[doc] Benchmark Fast-LLM Pretraining Throughput Against Contemporary Frameworks

[tscholak]

🧐 Problem Description

Fast-LLM aims to be a competitive pretraining framework for large-scale language models. To understand its performance relative to other contemporary frameworks, we need a comprehensive and reproducible benchmarking effort.

Pretraining large language models, particularly with decoder-only architectures, is computationally intensive and requires frameworks optimized for scalability and efficiency. Comparing Fast-LLM with leading pretraining frameworks will provide insights into its strengths, areas for improvement, and best practices for users.
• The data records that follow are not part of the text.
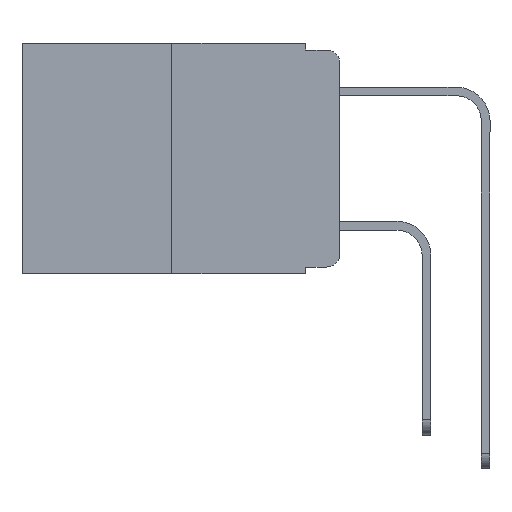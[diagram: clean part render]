
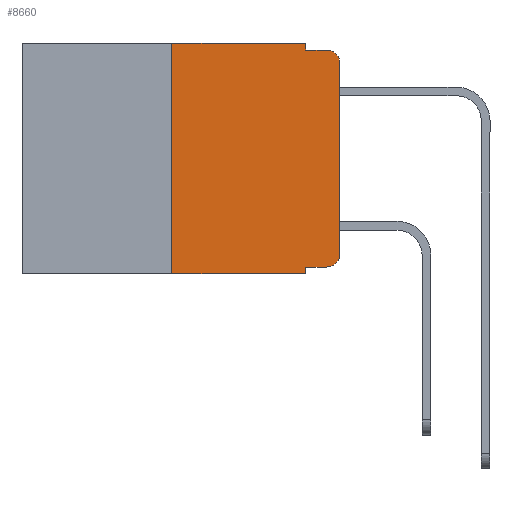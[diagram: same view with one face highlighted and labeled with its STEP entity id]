
A CAD part, left-side view. The second image highlights one B-rep face of the part: STEP entity #8660.
In plain terms, the highlighted planar face has unit normal (-1, 0, 0).
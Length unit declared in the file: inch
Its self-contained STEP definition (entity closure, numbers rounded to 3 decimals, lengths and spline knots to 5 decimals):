
#470 = CARTESIAN_POINT ( 'NONE',  ( 0., 0.25, -0.343 ) ) ;
#684 = EDGE_CURVE ( 'NONE', #8205, #2565, #3473, .T. ) ;
#721 = ORIENTED_EDGE ( 'NONE', *, *, #5792, .T. ) ;
#991 = CARTESIAN_POINT ( 'NONE',  ( 0., 0.02, -0.313 ) ) ;
#1325 = CARTESIAN_POINT ( 'NONE',  ( 0., 0.02, -0.333 ) ) ;
#1469 = CARTESIAN_POINT ( 'NONE',  ( 0., 0.051, -0.01 ) ) ;
#1771 = DIRECTION ( 'NONE',  ( 0., -1., 0. ) ) ;
#1795 = VERTEX_POINT ( 'NONE', #5593 ) ;
#1982 = DIRECTION ( 'NONE',  ( 0., 0., -1. ) ) ;
#2019 = CARTESIAN_POINT ( 'NONE',  ( 0., 0.051, -0.333 ) ) ;
#2071 = DIRECTION ( 'NONE',  ( 0., 0., -1. ) ) ;
#2134 = PLANE ( 'NONE',  #7702 ) ;
#2445 = VECTOR ( 'NONE', #9640, 39.37008 ) ;
#2565 = VERTEX_POINT ( 'NONE', #9895 ) ;
#2645 = CARTESIAN_POINT ( 'NONE',  ( 0., 0., 0. ) ) ;
#2825 = AXIS2_PLACEMENT_3D ( 'NONE', #991, #7983, #1982 ) ;
#2948 = CARTESIAN_POINT ( 'NONE',  ( 0., 0.051, 0. ) ) ;
#3001 = CARTESIAN_POINT ( 'NONE',  ( 0., 0.25, 0. ) ) ;
#3167 = CARTESIAN_POINT ( 'NONE',  ( 0., 0.473, 0. ) ) ;
#3342 = EDGE_CURVE ( 'NONE', #6581, #3847, #6236, .T. ) ;
#3381 = VECTOR ( 'NONE', #4839, 39.37008 ) ;
#3427 = CIRCLE ( 'NONE', #2825, 0.02 ) ;
#3468 = CARTESIAN_POINT ( 'NONE',  ( 0., 0.051, -0.343 ) ) ;
#3473 = LINE ( 'NONE', #1469, #11051 ) ;
#3650 = VERTEX_POINT ( 'NONE', #1325 ) ;
#3667 = EDGE_CURVE ( 'NONE', #11853, #3847, #5440, .T. ) ;
#3695 = VECTOR ( 'NONE', #6827, 39.37008 ) ;
#3847 = VERTEX_POINT ( 'NONE', #3468 ) ;
#3857 = CARTESIAN_POINT ( 'NONE',  ( 0., 0.473, 0. ) ) ;
#3896 = VECTOR ( 'NONE', #7410, 39.37008 ) ;
#3997 = DIRECTION ( 'NONE',  ( 0., 0., 1. ) ) ;
#4024 = FACE_OUTER_BOUND ( 'NONE', #6497, .T. ) ;
#4115 = AXIS2_PLACEMENT_3D ( 'NONE', #12008, #12005, #11989 ) ;
#4173 = DIRECTION ( 'NONE',  ( 0., 0., -1. ) ) ;
#4216 = EDGE_CURVE ( 'NONE', #1795, #4227, #9464, .T. ) ;
#4227 = VERTEX_POINT ( 'NONE', #10710 ) ;
#4302 = CARTESIAN_POINT ( 'NONE',  ( 0., 0.25, 0. ) ) ;
#4498 = ORIENTED_EDGE ( 'NONE', *, *, #11613, .F. ) ;
#4792 = CARTESIAN_POINT ( 'NONE',  ( 0., 0.051, -0.333 ) ) ;
#4839 = DIRECTION ( 'NONE',  ( 0., -1., 0. ) ) ;
#5440 = LINE ( 'NONE', #7324, #2445 ) ;
#5535 = EDGE_CURVE ( 'NONE', #11853, #10641, #12525, .T. ) ;
#5593 = CARTESIAN_POINT ( 'NONE',  ( 0., 0., -0.313 ) ) ;
#5792 = EDGE_CURVE ( 'NONE', #4227, #2565, #11491, .T. ) ;
#6236 = LINE ( 'NONE', #7432, #3896 ) ;
#6245 = ORIENTED_EDGE ( 'NONE', *, *, #684, .F. ) ;
#6497 = EDGE_LOOP ( 'NONE', ( #7029, #721, #6245, #4498, #12639, #8747, #10451, #9523, #11330, #8424 ) ) ;
#6581 = VERTEX_POINT ( 'NONE', #2019 ) ;
#6658 = LINE ( 'NONE', #4792, #3695 ) ;
#6827 = DIRECTION ( 'NONE',  ( 0., -1., 0. ) ) ;
#6981 = LINE ( 'NONE', #3857, #3381 ) ;
#7029 = ORIENTED_EDGE ( 'NONE', *, *, #4216, .T. ) ;
#7324 = CARTESIAN_POINT ( 'NONE',  ( 0., 0.473, -0.343 ) ) ;
#7410 = DIRECTION ( 'NONE',  ( 0., 0., -1. ) ) ;
#7415 = CARTESIAN_POINT ( 'NONE',  ( 0., 0.051, -0.01 ) ) ;
#7432 = CARTESIAN_POINT ( 'NONE',  ( 0., 0.051, 0. ) ) ;
#7702 = AXIS2_PLACEMENT_3D ( 'NONE', #3167, #10120, #4173 ) ;
#7918 = EDGE_CURVE ( 'NONE', #3650, #1795, #3427, .T. ) ;
#7983 = DIRECTION ( 'NONE',  ( -1., 0., 0. ) ) ;
#8069 = CARTESIAN_POINT ( 'NONE',  ( 0., 0.051, 0. ) ) ;
#8205 = VERTEX_POINT ( 'NONE', #7415 ) ;
#8424 = ORIENTED_EDGE ( 'NONE', *, *, #7918, .T. ) ;
#8589 = DIRECTION ( 'NONE',  ( 0., 0., 1. ) ) ;
#8660 = ADVANCED_FACE ( 'NONE', ( #4024 ), #2134, .F. ) ;
#8747 = ORIENTED_EDGE ( 'NONE', *, *, #5535, .F. ) ;
#8989 = LINE ( 'NONE', #8069, #11252 ) ;
#9464 = LINE ( 'NONE', #2645, #12007 ) ;
#9523 = ORIENTED_EDGE ( 'NONE', *, *, #3342, .F. ) ;
#9585 = EDGE_CURVE ( 'NONE', #6581, #3650, #6658, .T. ) ;
#9607 = EDGE_CURVE ( 'NONE', #10641, #11546, #6981, .T. ) ;
#9640 = DIRECTION ( 'NONE',  ( 0., -1., 0. ) ) ;
#9895 = CARTESIAN_POINT ( 'NONE',  ( 0., 0.02, -0.01 ) ) ;
#10021 = VECTOR ( 'NONE', #8589, 39.37008 ) ;
#10120 = DIRECTION ( 'NONE',  ( 1., 0., 0. ) ) ;
#10451 = ORIENTED_EDGE ( 'NONE', *, *, #3667, .T. ) ;
#10641 = VERTEX_POINT ( 'NONE', #4302 ) ;
#10710 = CARTESIAN_POINT ( 'NONE',  ( 0., 0., -0.03 ) ) ;
#11051 = VECTOR ( 'NONE', #1771, 39.37008 ) ;
#11252 = VECTOR ( 'NONE', #2071, 39.37008 ) ;
#11330 = ORIENTED_EDGE ( 'NONE', *, *, #9585, .T. ) ;
#11491 = CIRCLE ( 'NONE', #4115, 0.02 ) ;
#11546 = VERTEX_POINT ( 'NONE', #2948 ) ;
#11613 = EDGE_CURVE ( 'NONE', #11546, #8205, #8989, .T. ) ;
#11853 = VERTEX_POINT ( 'NONE', #470 ) ;
#11989 = DIRECTION ( 'NONE',  ( 0., 0., -1. ) ) ;
#12005 = DIRECTION ( 'NONE',  ( -1., 0., 0. ) ) ;
#12007 = VECTOR ( 'NONE', #3997, 39.37008 ) ;
#12008 = CARTESIAN_POINT ( 'NONE',  ( 0., 0.02, -0.03 ) ) ;
#12525 = LINE ( 'NONE', #3001, #10021 ) ;
#12639 = ORIENTED_EDGE ( 'NONE', *, *, #9607, .F. ) ;

Frameworks like NVIDIA Megatron-LM, MosaicML Composer, Hugging Face Nanotron, Levanter, and Colossal-AI offer distinct advantages in this domain. To make the comparison fair and actionable, we must benchmark these frameworks under identical conditions and clearly document the results.

💡 Proposed Solution

Develop and execute a benchmarking methodology that measures and compares pretraining throughput (tokens processed per second) across Fast-LLM and other contemporary frameworks. The proposed plan includes the following:

1. Select Frameworks for Comparison

• NVIDIA Megatron-LM
• Hugging Face Nanotron
• MosaicML Composer
• Levanter
• Colossal-AI
• Additional frameworks, if identified, that focus on large-scale pretraining (e.g., decoder-only models).

2. Define Model Architectures and Sizes

• Use decoder-only architectures such as Llama 3, with parameter sizes ranging from 3B to 405B.
• Allocate the number of DGX nodes dynamically based on model size (e.g., 1 node for 3B, multiple nodes for larger models).

3. Standardize the Benchmark Environment

• Use identical hardware for all frameworks (e.g., DGX nodes with consistent GPU, CPU, and network configurations).
• Account for hardware variability (e.g., flaky GPUs, fabric bottlenecks) by running multiple trials.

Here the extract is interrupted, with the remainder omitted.